- [Task to carry out]
Scan the entries below and tally the lines that include "coincident". Return nothing but the tally.

- [Input data]

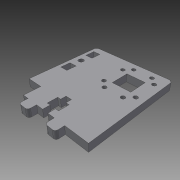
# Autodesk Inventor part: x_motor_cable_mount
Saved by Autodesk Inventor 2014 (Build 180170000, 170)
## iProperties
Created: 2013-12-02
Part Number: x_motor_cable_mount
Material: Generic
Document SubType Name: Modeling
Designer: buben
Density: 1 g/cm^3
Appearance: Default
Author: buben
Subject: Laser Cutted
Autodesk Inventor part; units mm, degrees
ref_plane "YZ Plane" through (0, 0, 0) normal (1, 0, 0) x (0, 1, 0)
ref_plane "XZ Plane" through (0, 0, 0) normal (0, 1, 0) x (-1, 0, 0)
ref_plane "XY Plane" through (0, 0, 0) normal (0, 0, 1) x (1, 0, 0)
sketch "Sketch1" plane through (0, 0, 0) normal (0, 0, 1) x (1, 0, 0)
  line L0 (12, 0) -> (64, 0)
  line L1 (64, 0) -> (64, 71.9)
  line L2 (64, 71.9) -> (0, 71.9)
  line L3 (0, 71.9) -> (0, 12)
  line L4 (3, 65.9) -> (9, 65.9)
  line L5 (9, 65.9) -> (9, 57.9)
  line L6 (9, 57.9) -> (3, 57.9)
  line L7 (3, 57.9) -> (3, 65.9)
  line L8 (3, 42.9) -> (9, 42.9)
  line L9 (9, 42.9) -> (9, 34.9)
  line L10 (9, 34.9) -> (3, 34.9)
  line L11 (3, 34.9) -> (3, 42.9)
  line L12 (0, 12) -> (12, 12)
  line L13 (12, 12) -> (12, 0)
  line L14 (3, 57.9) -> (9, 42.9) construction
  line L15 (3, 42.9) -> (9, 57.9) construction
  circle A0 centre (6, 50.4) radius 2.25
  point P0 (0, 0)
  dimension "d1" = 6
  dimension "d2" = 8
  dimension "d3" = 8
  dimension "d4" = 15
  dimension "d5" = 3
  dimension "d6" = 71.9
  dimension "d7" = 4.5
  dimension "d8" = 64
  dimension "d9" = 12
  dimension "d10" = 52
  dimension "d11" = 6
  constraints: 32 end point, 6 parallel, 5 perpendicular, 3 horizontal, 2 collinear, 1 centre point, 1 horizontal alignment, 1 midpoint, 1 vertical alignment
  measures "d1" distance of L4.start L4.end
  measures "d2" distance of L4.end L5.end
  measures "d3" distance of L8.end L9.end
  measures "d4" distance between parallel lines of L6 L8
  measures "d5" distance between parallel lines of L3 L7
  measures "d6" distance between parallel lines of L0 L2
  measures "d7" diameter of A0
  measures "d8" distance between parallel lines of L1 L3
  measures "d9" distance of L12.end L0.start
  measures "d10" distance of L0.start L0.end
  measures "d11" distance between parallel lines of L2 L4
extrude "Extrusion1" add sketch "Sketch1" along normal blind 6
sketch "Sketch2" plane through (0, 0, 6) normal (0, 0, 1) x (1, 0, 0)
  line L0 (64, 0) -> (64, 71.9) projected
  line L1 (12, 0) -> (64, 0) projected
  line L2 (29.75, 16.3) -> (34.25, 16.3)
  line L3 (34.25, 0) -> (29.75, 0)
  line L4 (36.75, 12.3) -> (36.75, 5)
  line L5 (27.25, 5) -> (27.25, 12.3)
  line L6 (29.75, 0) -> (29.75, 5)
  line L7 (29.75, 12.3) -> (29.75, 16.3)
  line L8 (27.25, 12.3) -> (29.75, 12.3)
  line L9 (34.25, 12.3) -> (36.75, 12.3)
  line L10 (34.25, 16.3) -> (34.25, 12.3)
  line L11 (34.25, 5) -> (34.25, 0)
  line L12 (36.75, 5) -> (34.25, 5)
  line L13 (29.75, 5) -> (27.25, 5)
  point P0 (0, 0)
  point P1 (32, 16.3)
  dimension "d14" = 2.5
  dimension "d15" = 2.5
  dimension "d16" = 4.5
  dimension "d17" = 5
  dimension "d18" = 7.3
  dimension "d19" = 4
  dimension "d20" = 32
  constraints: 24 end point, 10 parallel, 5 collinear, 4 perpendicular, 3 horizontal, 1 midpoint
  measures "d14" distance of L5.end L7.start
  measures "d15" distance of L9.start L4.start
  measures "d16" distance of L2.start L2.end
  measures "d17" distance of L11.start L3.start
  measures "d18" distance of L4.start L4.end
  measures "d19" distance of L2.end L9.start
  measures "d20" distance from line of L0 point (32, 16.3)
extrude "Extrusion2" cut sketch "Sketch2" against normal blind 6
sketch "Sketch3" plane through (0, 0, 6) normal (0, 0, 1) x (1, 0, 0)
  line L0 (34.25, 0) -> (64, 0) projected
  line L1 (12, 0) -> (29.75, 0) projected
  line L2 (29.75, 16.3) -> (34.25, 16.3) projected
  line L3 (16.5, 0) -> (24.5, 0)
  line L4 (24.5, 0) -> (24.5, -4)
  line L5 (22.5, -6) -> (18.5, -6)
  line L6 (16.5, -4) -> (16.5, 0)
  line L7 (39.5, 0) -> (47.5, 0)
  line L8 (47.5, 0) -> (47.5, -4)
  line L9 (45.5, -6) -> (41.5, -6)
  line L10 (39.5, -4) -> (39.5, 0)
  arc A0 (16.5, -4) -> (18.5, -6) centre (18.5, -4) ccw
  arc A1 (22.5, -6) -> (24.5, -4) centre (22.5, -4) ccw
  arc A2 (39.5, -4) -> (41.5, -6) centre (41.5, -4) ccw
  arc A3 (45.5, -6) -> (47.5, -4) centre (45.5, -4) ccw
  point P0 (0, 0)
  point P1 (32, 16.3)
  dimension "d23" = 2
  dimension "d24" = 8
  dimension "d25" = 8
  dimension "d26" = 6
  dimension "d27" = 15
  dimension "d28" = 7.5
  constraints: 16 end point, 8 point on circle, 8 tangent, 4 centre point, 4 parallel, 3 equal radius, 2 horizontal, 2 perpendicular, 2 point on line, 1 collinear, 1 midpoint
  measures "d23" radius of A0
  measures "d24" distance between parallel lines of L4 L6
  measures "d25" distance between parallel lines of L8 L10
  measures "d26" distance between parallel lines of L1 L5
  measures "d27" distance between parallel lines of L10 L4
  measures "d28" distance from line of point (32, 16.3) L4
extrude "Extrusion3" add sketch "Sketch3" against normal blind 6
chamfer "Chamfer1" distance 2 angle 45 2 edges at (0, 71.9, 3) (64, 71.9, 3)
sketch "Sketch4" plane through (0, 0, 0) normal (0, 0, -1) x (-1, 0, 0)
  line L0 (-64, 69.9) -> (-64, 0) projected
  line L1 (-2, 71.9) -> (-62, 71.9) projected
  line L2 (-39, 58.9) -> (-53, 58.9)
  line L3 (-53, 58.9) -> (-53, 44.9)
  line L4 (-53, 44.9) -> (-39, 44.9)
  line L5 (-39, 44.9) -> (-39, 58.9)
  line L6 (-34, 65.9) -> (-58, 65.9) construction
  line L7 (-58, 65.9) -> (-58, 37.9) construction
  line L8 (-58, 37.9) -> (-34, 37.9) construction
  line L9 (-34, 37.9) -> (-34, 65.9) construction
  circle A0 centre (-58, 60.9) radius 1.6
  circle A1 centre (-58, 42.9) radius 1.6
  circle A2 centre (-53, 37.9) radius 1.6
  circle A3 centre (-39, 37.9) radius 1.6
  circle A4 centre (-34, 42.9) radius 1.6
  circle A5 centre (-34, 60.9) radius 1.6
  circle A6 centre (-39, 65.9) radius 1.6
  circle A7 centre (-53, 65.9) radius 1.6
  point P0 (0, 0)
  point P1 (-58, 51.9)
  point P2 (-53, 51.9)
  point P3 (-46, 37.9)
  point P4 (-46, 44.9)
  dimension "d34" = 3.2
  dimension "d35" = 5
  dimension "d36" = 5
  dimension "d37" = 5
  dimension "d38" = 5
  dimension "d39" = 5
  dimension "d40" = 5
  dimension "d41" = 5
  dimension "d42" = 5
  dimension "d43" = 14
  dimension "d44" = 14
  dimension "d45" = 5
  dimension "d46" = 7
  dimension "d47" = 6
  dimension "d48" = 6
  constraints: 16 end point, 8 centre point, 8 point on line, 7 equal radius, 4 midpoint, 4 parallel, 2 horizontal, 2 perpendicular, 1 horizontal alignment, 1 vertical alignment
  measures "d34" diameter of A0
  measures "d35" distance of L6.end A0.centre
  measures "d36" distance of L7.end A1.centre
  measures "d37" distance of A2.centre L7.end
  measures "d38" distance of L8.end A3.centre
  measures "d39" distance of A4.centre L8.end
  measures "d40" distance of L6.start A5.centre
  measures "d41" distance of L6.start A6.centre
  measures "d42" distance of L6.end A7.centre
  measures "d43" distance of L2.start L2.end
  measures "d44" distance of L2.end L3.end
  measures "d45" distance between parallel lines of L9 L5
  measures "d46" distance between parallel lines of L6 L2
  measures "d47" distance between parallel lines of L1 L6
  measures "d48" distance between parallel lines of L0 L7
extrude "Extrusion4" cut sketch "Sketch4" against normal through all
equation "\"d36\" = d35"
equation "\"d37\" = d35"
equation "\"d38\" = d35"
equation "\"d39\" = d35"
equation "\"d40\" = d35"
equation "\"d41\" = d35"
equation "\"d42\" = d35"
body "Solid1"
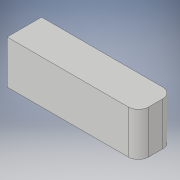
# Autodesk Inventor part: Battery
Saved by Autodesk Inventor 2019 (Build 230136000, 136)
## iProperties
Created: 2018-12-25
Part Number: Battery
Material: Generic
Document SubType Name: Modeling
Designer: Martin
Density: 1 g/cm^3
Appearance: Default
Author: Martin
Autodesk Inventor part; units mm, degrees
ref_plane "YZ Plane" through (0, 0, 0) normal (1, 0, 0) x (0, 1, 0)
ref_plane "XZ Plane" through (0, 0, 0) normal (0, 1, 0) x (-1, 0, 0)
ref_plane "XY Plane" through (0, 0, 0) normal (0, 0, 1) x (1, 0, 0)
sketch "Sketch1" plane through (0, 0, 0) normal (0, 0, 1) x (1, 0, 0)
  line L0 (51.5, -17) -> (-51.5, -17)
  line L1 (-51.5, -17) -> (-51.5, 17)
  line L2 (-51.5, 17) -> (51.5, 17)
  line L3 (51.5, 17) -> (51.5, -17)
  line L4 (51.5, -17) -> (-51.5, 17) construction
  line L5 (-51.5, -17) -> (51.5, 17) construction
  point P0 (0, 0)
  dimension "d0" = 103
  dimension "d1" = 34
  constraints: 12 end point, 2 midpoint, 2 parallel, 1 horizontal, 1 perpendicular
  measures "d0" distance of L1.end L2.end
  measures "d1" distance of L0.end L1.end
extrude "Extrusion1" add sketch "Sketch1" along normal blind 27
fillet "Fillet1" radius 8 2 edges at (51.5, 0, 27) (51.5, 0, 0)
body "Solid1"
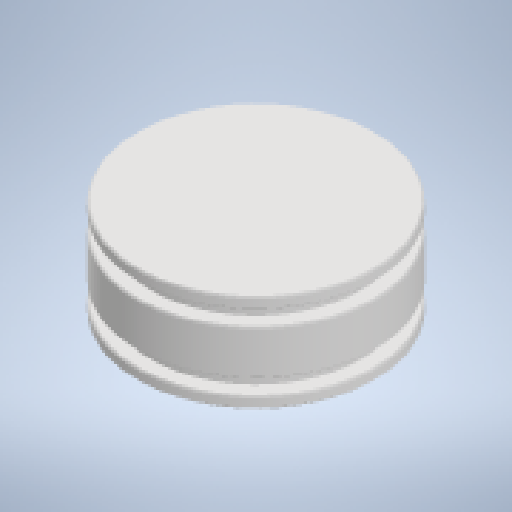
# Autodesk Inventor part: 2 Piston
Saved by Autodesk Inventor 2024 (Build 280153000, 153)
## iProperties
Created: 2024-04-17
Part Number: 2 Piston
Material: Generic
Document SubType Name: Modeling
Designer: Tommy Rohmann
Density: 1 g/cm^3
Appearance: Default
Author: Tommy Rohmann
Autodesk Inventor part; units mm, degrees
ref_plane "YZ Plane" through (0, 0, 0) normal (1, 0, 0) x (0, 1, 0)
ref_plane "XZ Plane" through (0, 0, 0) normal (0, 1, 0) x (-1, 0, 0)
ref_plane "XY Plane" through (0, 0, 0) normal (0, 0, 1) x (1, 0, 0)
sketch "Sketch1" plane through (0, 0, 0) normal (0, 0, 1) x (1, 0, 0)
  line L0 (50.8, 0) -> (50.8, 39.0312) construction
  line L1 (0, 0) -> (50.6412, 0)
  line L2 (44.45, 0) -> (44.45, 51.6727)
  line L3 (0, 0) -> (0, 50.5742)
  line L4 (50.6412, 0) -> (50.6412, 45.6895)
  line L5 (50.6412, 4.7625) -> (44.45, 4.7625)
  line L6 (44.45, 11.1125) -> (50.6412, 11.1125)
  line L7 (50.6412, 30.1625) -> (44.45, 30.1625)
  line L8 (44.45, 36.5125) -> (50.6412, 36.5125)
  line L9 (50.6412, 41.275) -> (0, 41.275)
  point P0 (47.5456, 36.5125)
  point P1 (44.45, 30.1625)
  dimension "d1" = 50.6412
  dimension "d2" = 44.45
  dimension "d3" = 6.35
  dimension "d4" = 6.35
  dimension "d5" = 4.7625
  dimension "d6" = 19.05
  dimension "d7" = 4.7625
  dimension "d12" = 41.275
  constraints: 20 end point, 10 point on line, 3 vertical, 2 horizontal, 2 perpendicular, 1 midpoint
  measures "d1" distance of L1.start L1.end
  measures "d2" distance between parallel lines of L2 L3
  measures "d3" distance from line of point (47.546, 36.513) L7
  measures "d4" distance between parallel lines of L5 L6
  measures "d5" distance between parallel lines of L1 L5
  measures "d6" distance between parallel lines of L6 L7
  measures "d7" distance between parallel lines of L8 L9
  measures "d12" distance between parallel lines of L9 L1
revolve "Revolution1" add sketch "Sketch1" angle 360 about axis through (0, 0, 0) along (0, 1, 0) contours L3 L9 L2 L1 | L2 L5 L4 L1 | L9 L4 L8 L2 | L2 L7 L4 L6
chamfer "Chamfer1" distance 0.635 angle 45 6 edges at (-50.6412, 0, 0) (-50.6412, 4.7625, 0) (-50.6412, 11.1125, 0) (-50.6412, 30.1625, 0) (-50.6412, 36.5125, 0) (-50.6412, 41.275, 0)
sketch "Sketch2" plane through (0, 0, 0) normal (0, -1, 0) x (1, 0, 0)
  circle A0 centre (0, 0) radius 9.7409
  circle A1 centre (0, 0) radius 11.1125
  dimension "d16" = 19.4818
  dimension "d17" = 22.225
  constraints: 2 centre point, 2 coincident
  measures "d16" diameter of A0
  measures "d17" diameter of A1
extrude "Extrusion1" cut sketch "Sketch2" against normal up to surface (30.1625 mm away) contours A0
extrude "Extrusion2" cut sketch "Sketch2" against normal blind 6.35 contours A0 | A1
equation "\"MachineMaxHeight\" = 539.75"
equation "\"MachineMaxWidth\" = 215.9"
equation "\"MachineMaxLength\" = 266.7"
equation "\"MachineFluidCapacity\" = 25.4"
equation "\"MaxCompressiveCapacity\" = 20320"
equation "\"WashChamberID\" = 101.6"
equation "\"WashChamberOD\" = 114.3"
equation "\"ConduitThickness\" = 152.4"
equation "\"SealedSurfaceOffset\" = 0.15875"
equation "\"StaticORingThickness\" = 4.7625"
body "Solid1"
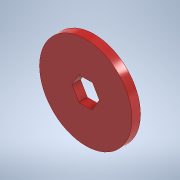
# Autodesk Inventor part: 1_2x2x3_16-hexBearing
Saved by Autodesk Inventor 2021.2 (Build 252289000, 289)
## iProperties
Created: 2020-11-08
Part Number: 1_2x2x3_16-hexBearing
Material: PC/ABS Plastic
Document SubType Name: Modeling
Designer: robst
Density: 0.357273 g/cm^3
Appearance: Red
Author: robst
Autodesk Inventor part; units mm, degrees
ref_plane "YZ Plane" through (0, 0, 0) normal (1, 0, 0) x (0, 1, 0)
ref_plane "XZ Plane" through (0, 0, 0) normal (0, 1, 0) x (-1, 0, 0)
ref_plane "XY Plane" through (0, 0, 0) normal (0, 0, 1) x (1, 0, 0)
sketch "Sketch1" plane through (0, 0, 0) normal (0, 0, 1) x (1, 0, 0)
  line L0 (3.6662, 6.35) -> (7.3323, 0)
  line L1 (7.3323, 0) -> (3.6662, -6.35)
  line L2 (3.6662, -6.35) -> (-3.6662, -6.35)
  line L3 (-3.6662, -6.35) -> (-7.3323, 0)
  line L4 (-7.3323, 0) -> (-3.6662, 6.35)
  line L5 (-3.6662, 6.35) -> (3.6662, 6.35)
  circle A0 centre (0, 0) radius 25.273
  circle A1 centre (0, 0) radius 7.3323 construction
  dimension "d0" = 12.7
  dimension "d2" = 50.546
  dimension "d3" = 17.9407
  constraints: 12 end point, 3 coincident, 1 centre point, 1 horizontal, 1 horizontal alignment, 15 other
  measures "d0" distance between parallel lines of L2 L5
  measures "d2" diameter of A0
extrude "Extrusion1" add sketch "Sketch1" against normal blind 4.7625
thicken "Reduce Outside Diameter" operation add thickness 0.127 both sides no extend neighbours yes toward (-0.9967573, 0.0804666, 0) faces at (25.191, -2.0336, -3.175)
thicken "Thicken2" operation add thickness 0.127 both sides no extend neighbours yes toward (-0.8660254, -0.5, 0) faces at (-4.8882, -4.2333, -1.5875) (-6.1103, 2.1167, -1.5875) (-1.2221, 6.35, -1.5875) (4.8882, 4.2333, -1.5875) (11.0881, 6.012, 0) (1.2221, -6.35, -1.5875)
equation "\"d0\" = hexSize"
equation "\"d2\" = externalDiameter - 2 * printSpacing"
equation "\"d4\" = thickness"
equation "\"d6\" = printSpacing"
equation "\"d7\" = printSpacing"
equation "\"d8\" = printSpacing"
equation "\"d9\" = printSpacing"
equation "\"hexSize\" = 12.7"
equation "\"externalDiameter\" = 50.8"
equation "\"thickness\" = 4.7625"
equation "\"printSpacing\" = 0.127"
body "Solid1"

- [Your response]
2